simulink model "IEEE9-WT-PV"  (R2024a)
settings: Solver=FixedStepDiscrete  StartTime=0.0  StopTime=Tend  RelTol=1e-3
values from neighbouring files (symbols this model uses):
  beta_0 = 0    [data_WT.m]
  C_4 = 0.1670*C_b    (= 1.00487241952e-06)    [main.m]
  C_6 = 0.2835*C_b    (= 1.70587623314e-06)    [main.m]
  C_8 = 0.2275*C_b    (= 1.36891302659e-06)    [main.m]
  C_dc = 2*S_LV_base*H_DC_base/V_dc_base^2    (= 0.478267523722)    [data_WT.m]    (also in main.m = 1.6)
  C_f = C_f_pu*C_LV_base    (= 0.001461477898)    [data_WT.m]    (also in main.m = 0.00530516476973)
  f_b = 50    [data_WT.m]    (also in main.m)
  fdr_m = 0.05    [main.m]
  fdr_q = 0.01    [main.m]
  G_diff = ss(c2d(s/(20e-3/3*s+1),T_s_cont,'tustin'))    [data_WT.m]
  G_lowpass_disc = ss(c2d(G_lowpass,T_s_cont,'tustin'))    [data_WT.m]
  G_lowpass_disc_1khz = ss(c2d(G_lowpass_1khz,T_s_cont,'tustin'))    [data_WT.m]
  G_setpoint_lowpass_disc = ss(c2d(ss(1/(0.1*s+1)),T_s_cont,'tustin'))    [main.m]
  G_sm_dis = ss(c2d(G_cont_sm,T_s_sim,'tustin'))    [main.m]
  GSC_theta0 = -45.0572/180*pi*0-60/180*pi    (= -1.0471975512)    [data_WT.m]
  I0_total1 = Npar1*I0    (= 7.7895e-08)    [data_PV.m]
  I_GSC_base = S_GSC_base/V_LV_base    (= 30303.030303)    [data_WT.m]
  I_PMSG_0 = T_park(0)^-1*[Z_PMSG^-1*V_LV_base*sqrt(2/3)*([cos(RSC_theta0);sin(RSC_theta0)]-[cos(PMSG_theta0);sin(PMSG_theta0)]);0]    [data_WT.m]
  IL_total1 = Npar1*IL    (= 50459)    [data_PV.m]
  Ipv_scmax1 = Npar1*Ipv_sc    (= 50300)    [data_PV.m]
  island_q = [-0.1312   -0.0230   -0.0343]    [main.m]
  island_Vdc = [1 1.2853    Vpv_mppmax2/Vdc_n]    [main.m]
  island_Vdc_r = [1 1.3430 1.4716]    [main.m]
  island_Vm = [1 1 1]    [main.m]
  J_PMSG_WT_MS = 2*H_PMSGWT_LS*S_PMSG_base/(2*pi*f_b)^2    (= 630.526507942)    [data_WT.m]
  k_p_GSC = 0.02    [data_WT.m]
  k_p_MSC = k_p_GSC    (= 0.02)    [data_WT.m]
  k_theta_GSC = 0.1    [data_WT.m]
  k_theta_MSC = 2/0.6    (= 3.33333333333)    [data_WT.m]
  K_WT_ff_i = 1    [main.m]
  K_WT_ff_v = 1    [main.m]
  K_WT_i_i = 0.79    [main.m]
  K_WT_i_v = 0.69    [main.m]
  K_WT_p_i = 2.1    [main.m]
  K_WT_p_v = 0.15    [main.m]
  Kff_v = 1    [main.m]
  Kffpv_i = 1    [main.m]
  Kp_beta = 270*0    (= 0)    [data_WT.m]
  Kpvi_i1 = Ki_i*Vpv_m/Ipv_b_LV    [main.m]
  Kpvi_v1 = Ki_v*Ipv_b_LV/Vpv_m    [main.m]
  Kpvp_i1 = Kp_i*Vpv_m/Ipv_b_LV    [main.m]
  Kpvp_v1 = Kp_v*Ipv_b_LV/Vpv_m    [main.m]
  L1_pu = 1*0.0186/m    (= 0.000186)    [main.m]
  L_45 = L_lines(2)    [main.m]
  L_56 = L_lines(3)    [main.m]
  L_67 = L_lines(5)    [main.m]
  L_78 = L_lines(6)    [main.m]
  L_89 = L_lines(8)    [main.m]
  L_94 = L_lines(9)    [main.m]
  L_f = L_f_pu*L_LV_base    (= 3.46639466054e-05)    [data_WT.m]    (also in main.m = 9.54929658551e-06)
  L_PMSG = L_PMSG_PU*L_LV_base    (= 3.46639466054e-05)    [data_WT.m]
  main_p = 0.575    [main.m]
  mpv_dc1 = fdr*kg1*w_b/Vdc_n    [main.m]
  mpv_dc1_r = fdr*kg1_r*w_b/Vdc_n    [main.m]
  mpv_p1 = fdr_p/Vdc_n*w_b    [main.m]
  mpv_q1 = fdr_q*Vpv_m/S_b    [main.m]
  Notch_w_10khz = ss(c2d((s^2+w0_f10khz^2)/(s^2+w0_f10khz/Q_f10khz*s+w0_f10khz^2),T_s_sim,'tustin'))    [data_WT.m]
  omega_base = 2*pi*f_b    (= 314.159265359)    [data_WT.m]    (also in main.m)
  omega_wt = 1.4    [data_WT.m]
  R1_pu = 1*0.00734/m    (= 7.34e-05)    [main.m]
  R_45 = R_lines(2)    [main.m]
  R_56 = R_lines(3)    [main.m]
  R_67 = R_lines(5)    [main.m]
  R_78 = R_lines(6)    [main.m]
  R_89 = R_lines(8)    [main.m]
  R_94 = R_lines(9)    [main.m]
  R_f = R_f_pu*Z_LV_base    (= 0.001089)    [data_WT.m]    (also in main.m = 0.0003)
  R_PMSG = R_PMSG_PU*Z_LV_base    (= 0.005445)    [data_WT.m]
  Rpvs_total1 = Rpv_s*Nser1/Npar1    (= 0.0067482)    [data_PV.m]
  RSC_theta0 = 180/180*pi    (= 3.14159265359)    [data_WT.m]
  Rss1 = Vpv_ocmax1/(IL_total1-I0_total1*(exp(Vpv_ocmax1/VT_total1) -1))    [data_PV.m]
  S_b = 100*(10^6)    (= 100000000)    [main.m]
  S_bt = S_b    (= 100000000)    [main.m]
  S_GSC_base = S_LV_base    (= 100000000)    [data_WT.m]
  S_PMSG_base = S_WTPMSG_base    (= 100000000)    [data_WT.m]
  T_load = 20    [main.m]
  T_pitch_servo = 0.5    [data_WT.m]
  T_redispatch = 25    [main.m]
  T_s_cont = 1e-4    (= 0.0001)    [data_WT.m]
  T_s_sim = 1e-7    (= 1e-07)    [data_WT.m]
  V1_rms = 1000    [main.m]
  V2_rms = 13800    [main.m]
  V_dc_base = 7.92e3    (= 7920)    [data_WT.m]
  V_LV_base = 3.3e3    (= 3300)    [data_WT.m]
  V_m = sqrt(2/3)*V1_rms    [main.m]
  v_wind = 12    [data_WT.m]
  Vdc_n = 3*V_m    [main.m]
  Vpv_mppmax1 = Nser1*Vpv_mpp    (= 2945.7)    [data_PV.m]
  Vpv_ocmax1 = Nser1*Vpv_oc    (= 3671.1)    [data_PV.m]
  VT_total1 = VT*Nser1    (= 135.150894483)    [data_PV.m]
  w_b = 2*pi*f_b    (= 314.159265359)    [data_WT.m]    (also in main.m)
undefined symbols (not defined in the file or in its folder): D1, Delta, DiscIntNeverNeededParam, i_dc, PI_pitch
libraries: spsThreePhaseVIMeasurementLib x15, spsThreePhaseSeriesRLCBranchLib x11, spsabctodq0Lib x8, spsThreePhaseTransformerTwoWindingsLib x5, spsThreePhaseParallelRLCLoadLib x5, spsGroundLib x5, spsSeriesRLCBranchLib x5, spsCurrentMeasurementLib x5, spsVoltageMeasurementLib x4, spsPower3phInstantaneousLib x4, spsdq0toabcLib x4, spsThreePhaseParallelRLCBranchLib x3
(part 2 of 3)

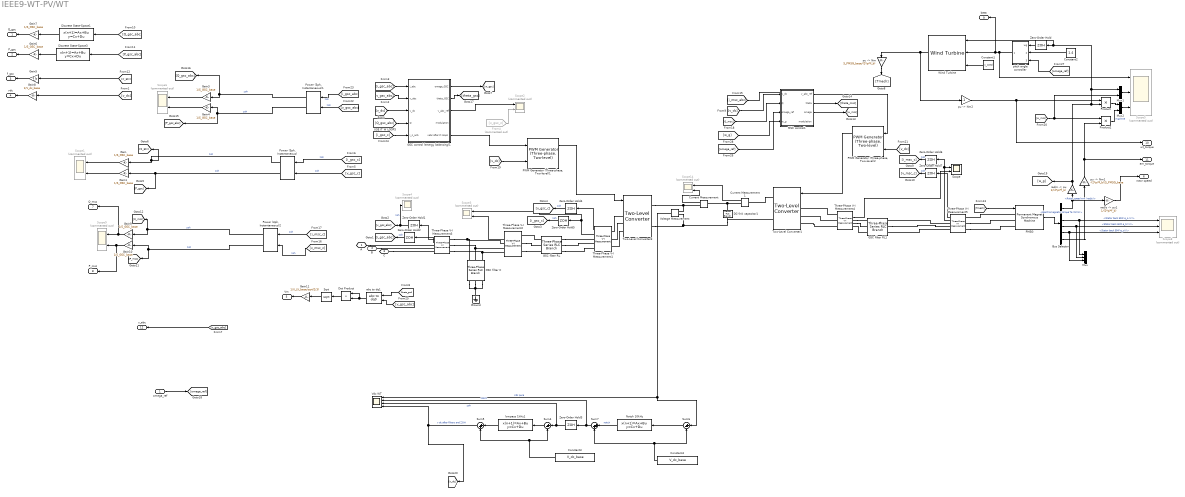
== system IEEE9-WT-PV/WT ==
  omega_ref : Inport
  Bus Selector : BusSelector  OutputSignals=Rotor speed wm (rad/s),Rotor angle thetam (rad),Stator back EMF e_a (V),Stator back EMF e_b (V),Stator back EMF e_cV),Electromagnetic torque Te (N*m)
  Constant1 : Constant  Value=v_wind  SampleTime=T_s_sim
  Constant2 : Constant  Value=1.4  SampleTime=T_s_cont
  Constant3 : Constant  Value=V_dc_base  SampleTime=T_s_cont
  Constant4 : Constant  Value=V_dc_base  SampleTime=T_s_sim
  Current Measurement : spsCurrentMeasurementLib/Current Measurement  PhasorSimulation=off  OutputType=Complex  PSBequivalent=0
  Current Measurement1 : spsCurrentMeasurementLib/Current Measurement  PhasorSimulation=off  OutputType=Complex  PSBequivalent=0
  DC-link capacitor1 : spsSeriesRLCBranchLib/Series RLC Branch  LConnTagsString=__new0  RConnTagsString=__new0  BranchType=C  Resistance=1  Inductance=1e-3  SetiL0=off  InitialCurrent=0  Capacitance=C_dc  Setx0=on  InitialVoltage=V_dc_base  Measurements=None
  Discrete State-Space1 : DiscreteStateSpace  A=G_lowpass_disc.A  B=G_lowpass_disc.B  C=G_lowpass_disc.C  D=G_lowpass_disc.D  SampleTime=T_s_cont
--------
- [PROBLEM DETAILS] Wherever the string "tustin" is found in the entries, copy the line it sits in.

- [SOLVED EXERCISE]
  G_diff = ss(c2d(s/(20e-3/3*s+1),T_s_cont,'tustin'))    [data_WT.m]
  G_lowpass_disc = ss(c2d(G_lowpass,T_s_cont,'tustin'))    [data_WT.m]
  G_lowpass_disc_1khz = ss(c2d(G_lowpass_1khz,T_s_cont,'tustin'))    [data_WT.m]
  G_setpoint_lowpass_disc = ss(c2d(ss(1/(0.1*s+1)),T_s_cont,'tustin'))    [main.m]
  G_sm_dis = ss(c2d(G_cont_sm,T_s_sim,'tustin'))    [main.m]
  Notch_w_10khz = ss(c2d((s^2+w0_f10khz^2)/(s^2+w0_f10khz/Q_f10khz*s+w0_f10khz^2),T_s_sim,'tustin'))    [data_WT.m]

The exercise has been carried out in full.